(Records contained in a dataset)
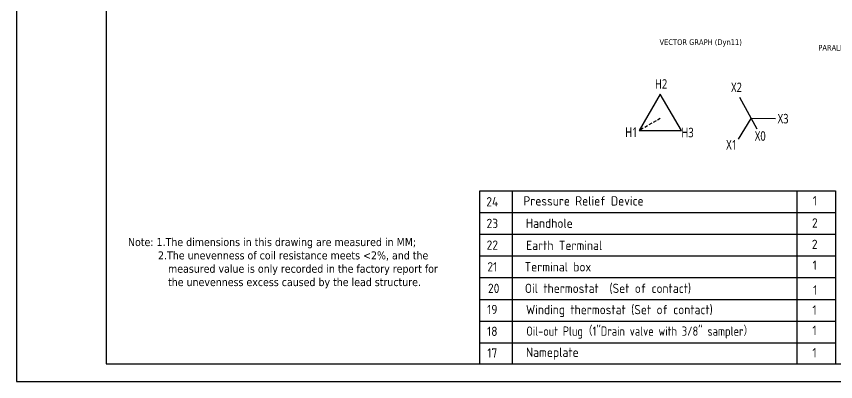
# Model space of a CAD drawing. Header units: millimetres. Extents: x 35720 to 50764, y -47170 to -36532.
# Drawn here: x 35720 to 43896, y -47170 to -43519 of the extents above; entities that cross this region are included whole.
import ezdxf
from ezdxf.enums import TextEntityAlignment as Align

# ---------------------------------------------------------------- set-up
doc = ezdxf.new("R2010")
doc.units = ezdxf.units.MM
doc.header["$LTSCALE"] = 13
doc.linetypes.add('DASHED', pattern=[0.75, 0.5, -0.25])
for name, color, linetype in [('01', 7, 'Continuous'), ('2', 3, 'Continuous'), ('A', 3, 'Continuous'), ('S', 254, 'Continuous'), ('粗实线', 4, 'Continuous')]:
    doc.layers.add(name, color=color, linetype=linetype)
doc.layers.add('标注、文本', color=3, linetype='Continuous', lineweight=25)
doc.layers.add('铁心', color=3, linetype='Continuous', lineweight=0)
doc.styles.add('ST_WIN', font='isocp2.shx', dxfattribs={"bigfont": 'hzdxfst.shx'})
doc.styles.add('Tahoma$001', font='tahoma.ttf', dxfattribs={"height": 2.159784})
doc.styles.add('Tahoma_txtstyle_30.40_0_0', font='tahoma.ttf')
doc.styles.add('宋体', font='Microsoft YaHei.ttf', dxfattribs={"width": 0.6})

msp = doc.modelspace()

# ---------------------------------------------------------------- linework, layer by layer
at = {"layer": '01', "color": 3, "linetype": 'DASHED', "ltscale": 5}
msp.add_line((42145.868, -44539.355), (41935.225, -44660.97), dxfattribs=at)
at = {"layer": '2'}
msp.add_lwpolyline([(41935.225, -44660.97), (42356.51, -44660.97), (42145.868, -44296.127)], close=True, dxfattribs=at)
for points in [[(42936.75, -44326.324), (43111.341, -44643.189)], [(42928.329, -44747.525), (43054.129, -44539.355)], [(43297.309, -44544.217), (43054.129, -44539.355)]]:
    msp.add_lwpolyline(points, dxfattribs=at)
at = {"layer": 'A'}
for p, q in [((40345.787, -46991.315), (40345.787, -45263.888)), ((40345.787, -45263.888), (40593.536, -45263.888)), ((40593.536, -45263.888), (43896.156, -45263.888)), ((40670.381, -46991.315), (40670.381, -45263.888)), ((43512.561, -46991.315), (43512.561, -45263.888)), ((40345.787, -45480.669), (40593.536, -45480.669)), ((40593.536, -45480.669), (43896.156, -45480.669)), ((40345.787, -45697.449), (40593.536, -45697.449)), ((40345.787, -45697.449), (40593.536, -45697.449)), ((40593.536, -45697.449), (43896.156, -45697.449)), ((40593.536, -45697.449), (43896.156, -45697.449)), ((40345.787, -45914.229), (40593.536, -45914.229)), ((40593.536, -45914.229), (43896.156, -45914.229)), ((40345.787, -46131.009), (40593.536, -46131.009)), ((40593.536, -46131.009), (43896.156, -46131.009)), ((40345.787, -46347.79), (43896.156, -46347.79)), ((40345.787, -46347.79), (43896.156, -46347.79)), ((40345.787, -46564.57), (43896.156, -46564.57)), ((40345.787, -46781.35), (43896.156, -46781.35))]:
    msp.add_line(p, q, dxfattribs=at)
at = {"layer": '标注、文本'}
for p, q in [((35719.769, -36532.132), (35719.769, -47170.411)), ((35719.769, -47170.411), (50763.8, -47170.411))]:
    msp.add_line(p, q, dxfattribs=at)
at = {"layer": '粗实线'}
for p, q in [((36615.247, -36711.227), (36615.247, -46991.315)), ((43896.156, -45263.888), (43896.156, -46991.315)), ((36615.247, -46991.315), (50584.704, -46991.315))]:
    msp.add_line(p, q, dxfattribs=at)

# ---------------------------------------------------------------- texts
at = {"layer": '2', "style": '宋体', "width": 0.76}
for s, p in [('H2', (42093.233, -44242.893)), ('X2', (42852.964, -44276.721)), ('X3', (43317.685, -44589.064)), ('H1', (41796.483, -44724.731)), ('H3', (42356.552, -44727.928)), ('X0', (43089.895, -44762.703)), ('X1', (42804.093, -44850.638))]:
    msp.add_text(s, height=94.6998, dxfattribs=at).set_placement(p)
at = {"layer": 'S', "style": 'ST_WIN'}
for s, height, p in [('24', 92.9059, (40469.662, -45418.731)), ('1', 92.906, (43688.826, -45407.994)), ('23', 92.9059, (40469.662, -45635.512)), ('2', 92.906, (43688.87, -45630.85)), ('22', 92.9059, (40469.662, -45852.292)), ('2', 92.906, (43687.12, -45844.477)), ('21', 92.9059, (40469.662, -46069.072)), ('1', 92.906, (43688.137, -46053.242)), ('20', 92.9059, (40483.302, -46284.622)), ('1', 92.906, (43691.92, -46300.684)), ('19', 92.9059, (40469.662, -46495.817)), ('1', 92.906, (43685.908, -46501.102)), ('18', 92.9059, (40469.666, -46713.922)), ('1', 92.906, (43685.908, -46704.251)), ('17', 92.9059, (40469.666, -46930.499)), ('1', 92.906, (43685.908, -46927.847))]:
    msp.add_text(s, height=height, dxfattribs=at).set_placement(p, align=Align.CENTER)
for s, height, p in [('Pressure Relief Device ', 92.90585, (40780.615, -45410.281)), ('Handhole ', 92.9059, (40804.871, -45633.649)), ('Earth Terminal', 92.90585, (40808.071, -45855.21)), ('Terminal box', 92.90585, (40791.608, -46069.127)), ('Oil thermostat  (Set of contact)', 92.90585, (40794.568, -46284.227)), ('Winding thermostat (Set of contact)', 92.90585, (40805.458, -46496.765)), ('Nameplate', 92.9059, (40805.458, -46923.51))]:
    msp.add_text(s, height=height, dxfattribs=at).set_placement(p)
at = {"layer": 'S', "style": 'ST_WIN', "width": 0.9}
msp.add_text("Oil-out Plug（1''Drain valve with 3/8'' sampler）", height=92.90585, dxfattribs=at).set_placement((40809.497, -46712.196))
at = {"layer": '铁心', "style": 'Tahoma_txtstyle_30.40_0_0'}
for s, p in [('VECTOR GRAPH (Dyn11)', (42138.677, -43805.078)), ('PARALLEL SCHEMATIC DIAGRAM ', (43723.571, -43860.974))]:
    msp.add_text(s, height=56.64258, dxfattribs=at).set_placement(p)
at = {"layer": '铁心', "insert": (36833.292, -45986.694), "char_height": 80, "width": 3210.03609, "attachment_point": 4, "style": 'Tahoma$001'}
msp.add_mtext('Note: 1.The dimensions in this drawing are measured in MM;\\P\\pi-400,l400;          2.The unevenness of coil resistance meets <2%, and the measured value is only recorded in the factory report for the unevenness excess caused by the lead structure.', dxfattribs=at)

doc.saveas('drawing.dxf')
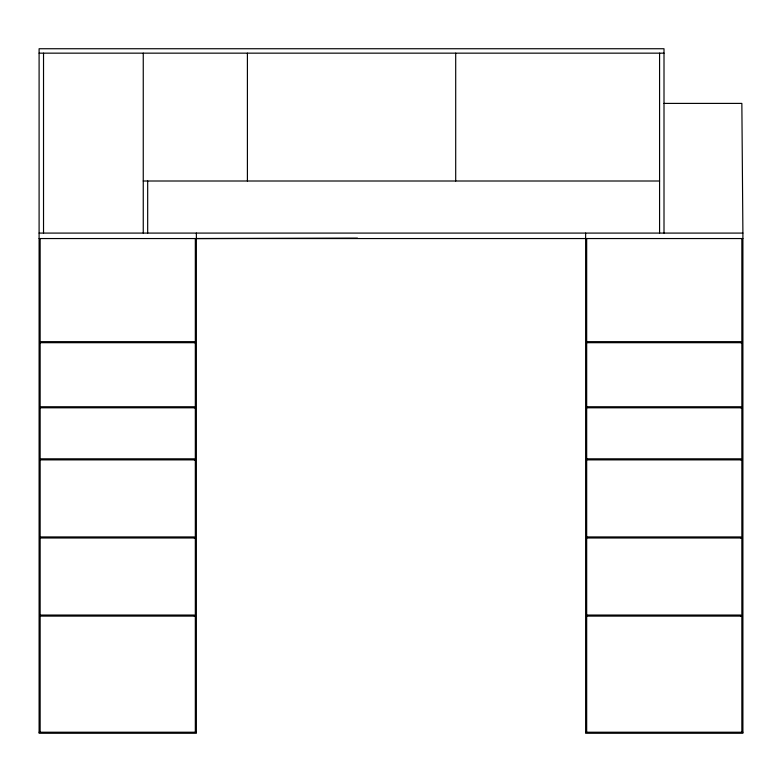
<?xml version="1.0" encoding="UTF-8"?>
<svg xmlns="http://www.w3.org/2000/svg" width="782" height="782" viewBox="0 0 782 782"><rect width="100%" height="100%" fill="white"/><g stroke="black" fill="none" stroke-linecap="round" stroke-linejoin="round"><path stroke-width="1.17" d="M196.37 238.549L357.442 238.119M39.1 53.156L664.006 53.156M664.006 103.4L741.854 103.4L742.9 233.085L742.9 733.262L585.63 733.262L585.63 233.085M143.253 181.004L659.578 181.004M39.1 233.085L742.9 233.085M39.1 238.549L742.9 238.549M40.146 341.656L194.288 341.656L194.288 342.702M586.676 341.656L740.818 341.656L740.818 342.702M40.146 342.702L195.324 342.702M586.676 342.702L741.854 342.702M40.146 406.757L194.288 406.757L194.288 407.793M586.676 406.757L740.818 406.757L740.818 407.793M40.146 407.793L195.324 407.793M586.676 407.793L741.854 407.793M40.146 458.829L194.288 458.829L194.288 459.875M586.676 458.829L740.818 458.829L740.818 459.875M40.146 459.875L195.324 459.875M586.676 459.875L741.854 459.875M40.146 536.941L194.288 536.941L194.288 537.987M586.676 536.941L740.818 536.941L740.818 537.987M40.146 537.987L195.324 537.987M586.676 537.987L741.854 537.987M40.146 615.053L194.288 615.053L194.288 616.099M586.676 615.053L740.818 615.053L740.818 616.099M40.146 616.099L195.324 616.099M586.676 616.099L741.854 616.099M39.1 732.226L196.37 732.226M585.63 732.226L742.9 732.226M741.854 238.549L741.854 732.226M664.006 233.085L664.006 48.738L39.1 48.738L39.1 733.262L196.37 733.262L196.37 233.085M659.578 53.156L659.578 233.085M586.676 238.549L586.676 732.226M455.701 53.156L455.701 181.004M247.405 53.156L247.405 181.004M195.324 238.549L195.324 732.226M147.681 181.004L147.681 233.085M143.253 53.156L143.253 233.085M43.528 53.156L43.528 233.085M40.146 238.549L40.146 732.226"/></g></svg>

**WHAT THIS TASK INVOLVES**
From the entries above, select each line containing the string "lineweight".

**SOLUTION TO THIS EXERCISE**
doc.layers.add('标注、文本', color=3, linetype='Continuous', lineweight=25)
doc.layers.add('铁心', color=3, linetype='Continuous', lineweight=0)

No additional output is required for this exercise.